## Data
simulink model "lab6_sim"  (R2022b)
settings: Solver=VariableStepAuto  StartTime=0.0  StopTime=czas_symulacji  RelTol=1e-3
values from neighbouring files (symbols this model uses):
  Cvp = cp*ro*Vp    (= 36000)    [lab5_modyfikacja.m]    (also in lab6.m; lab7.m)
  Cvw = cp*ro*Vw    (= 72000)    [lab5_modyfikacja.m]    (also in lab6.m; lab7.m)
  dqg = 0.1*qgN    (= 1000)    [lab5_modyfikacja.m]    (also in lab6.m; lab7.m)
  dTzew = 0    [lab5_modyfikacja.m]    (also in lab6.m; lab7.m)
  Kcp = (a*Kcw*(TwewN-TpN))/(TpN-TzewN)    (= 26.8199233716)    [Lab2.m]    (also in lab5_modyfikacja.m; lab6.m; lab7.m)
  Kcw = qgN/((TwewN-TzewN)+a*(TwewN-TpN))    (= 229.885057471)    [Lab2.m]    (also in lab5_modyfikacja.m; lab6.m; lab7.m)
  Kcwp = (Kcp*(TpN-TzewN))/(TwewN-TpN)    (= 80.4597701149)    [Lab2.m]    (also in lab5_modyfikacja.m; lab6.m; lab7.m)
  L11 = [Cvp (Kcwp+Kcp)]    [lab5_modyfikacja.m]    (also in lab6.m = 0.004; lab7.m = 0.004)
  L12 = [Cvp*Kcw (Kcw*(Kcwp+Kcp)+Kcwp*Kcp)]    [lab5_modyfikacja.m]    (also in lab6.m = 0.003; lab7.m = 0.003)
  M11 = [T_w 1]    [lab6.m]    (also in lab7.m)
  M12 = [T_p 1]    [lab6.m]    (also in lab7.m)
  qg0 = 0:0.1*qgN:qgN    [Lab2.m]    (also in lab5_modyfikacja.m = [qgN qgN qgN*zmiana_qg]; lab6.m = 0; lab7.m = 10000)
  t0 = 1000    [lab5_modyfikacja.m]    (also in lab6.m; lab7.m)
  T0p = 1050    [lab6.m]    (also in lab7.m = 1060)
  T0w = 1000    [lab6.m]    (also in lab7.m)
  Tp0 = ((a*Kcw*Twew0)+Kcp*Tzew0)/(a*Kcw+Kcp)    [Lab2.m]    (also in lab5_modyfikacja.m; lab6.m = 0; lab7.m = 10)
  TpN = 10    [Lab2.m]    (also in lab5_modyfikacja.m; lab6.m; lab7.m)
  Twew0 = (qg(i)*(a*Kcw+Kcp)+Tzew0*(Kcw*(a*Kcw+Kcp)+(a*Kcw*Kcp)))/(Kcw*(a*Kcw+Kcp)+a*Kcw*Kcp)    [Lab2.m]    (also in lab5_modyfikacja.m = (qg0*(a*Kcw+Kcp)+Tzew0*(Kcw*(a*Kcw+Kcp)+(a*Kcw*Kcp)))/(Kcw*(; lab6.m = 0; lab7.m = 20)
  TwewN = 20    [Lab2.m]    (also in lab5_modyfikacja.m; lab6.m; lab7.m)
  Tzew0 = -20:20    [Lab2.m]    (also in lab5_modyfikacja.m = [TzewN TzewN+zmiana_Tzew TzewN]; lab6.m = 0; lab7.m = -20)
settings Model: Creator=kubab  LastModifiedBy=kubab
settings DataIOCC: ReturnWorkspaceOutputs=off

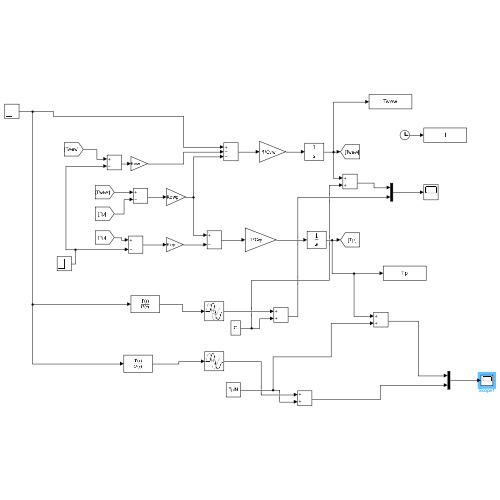
[thumbnail: Simulink's stored preview of the top-level diagram]
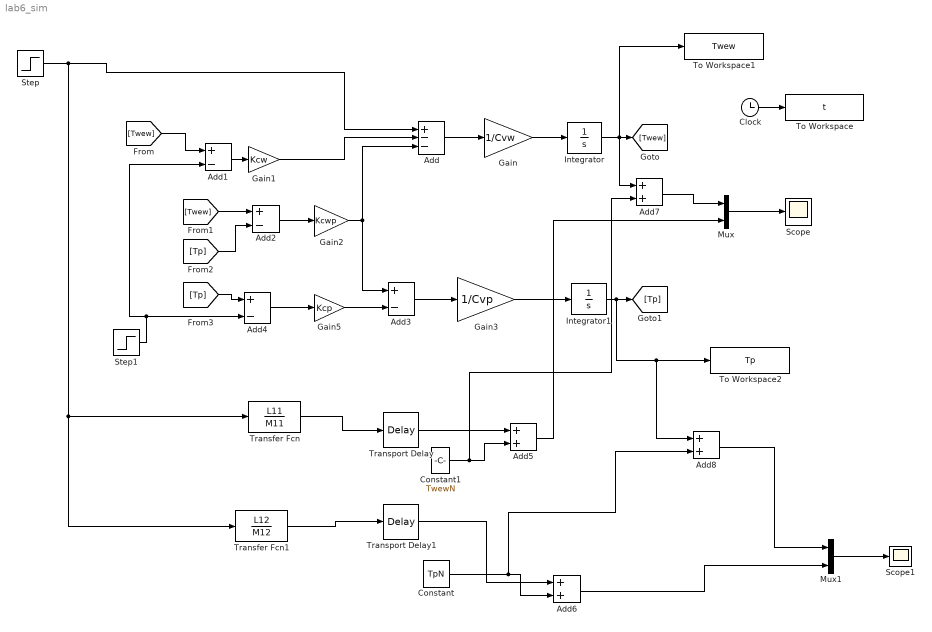
== system lab6_sim ==
  Add : Sum  Inputs=+--
  Add{1..4} (4 alike) : Sum  Inputs=+-
  Add{5..8} (4 alike) : Sum
  Clock : Clock
  Constant : Constant  Value=TpN
  Constant1 : Constant  Value=TwewN
  Gain : Gain  Gain=1/Cvw
  Gain1 : Gain  Gain=Kcw
  Gain2 : Gain  Gain=Kcwp
  Gain3 : Gain  Gain=1/Cvp
  Gain5 : Gain  Gain=Kcp
  Integrator : Integrator  InitialCondition=Twew0
  Integrator1 : Integrator  InitialCondition=Tp0
  Mux : Mux  Inputs=2
  Mux1 : Mux  Inputs=2
  Scope : Scope
  Scope1 : Scope
  Step : Step  Time=t0  Before=qg0  After=qg0+dqg  SampleTime=0
  Step1 : Step  Time=t0  Before=Tzew0  After=Tzew0+dTzew  SampleTime=0
  To Workspace : ToWorkspace  VariableName=t  SaveFormat=Timeseries  SampleTime=-1
  To Workspace1 : ToWorkspace  VariableName=Twew  SampleTime=-1
  To Workspace2 : ToWorkspace  VariableName=Tp  SampleTime=-1
  Transfer Fcn : TransferFcn  Numerator=L11  Denominator=M11
  Transfer Fcn1 : TransferFcn  Numerator=L12  Denominator=M12
  Transport Delay : TransportDelay  DelayTime=T0w
  Transport Delay1 : TransportDelay  DelayTime=T0p
  wires:
  Step/1 -> Transfer Fcn1/1, Transfer Fcn/1, Add/1
  Mux/1 -> Scope/1
  Gain/1 -> Integrator/1
  Mux1/1 -> Scope1/1
  Transfer Fcn1/1 -> Transport Delay1/1
  Gain2/1 -> Add3/1, Add/3
  [Tp] -> Add4/1
  Clock/1 -> To Workspace/1
  Add/1 -> Gain/1
  Add4/1 -> Gain5/1
  Transfer Fcn/1 -> Transport Delay/1
  Gain1/1 -> Add/2
  Add2/1 -> Gain2/1
  Step1/1 -> Add4/2, Add1/2
  [Tp] -> Add2/2
  Integrator/1 -> Add7/1, To Workspace1/1, [Twew]
  Add3/1 -> Gain3/1
  Gain3/1 -> Integrator1/1
  Integrator1/1 -> Add8/1, To Workspace2/1, [Tp]
  [Twew] -> Add1/1
  Gain5/1 -> Add3/2
  [Twew] -> Add2/1
  Add1/1 -> Gain1/1
  Transport Delay1/1 -> Add6/1
  Transport Delay/1 -> Add5/1
  Add5/1 -> Mux/2
  Add6/1 -> Mux1/2
  Constant1/1 -> Add7/2, Add5/2
  Constant/1 -> Add8/2, Add6/2
  Add7/1 -> Mux/1
  Add8/1 -> Mux1/1

## Task goal
Copy every line of the listing that contains the word "TransportDelay".

## Solution
  Transport Delay : TransportDelay  DelayTime=T0w
  Transport Delay1 : TransportDelay  DelayTime=T0p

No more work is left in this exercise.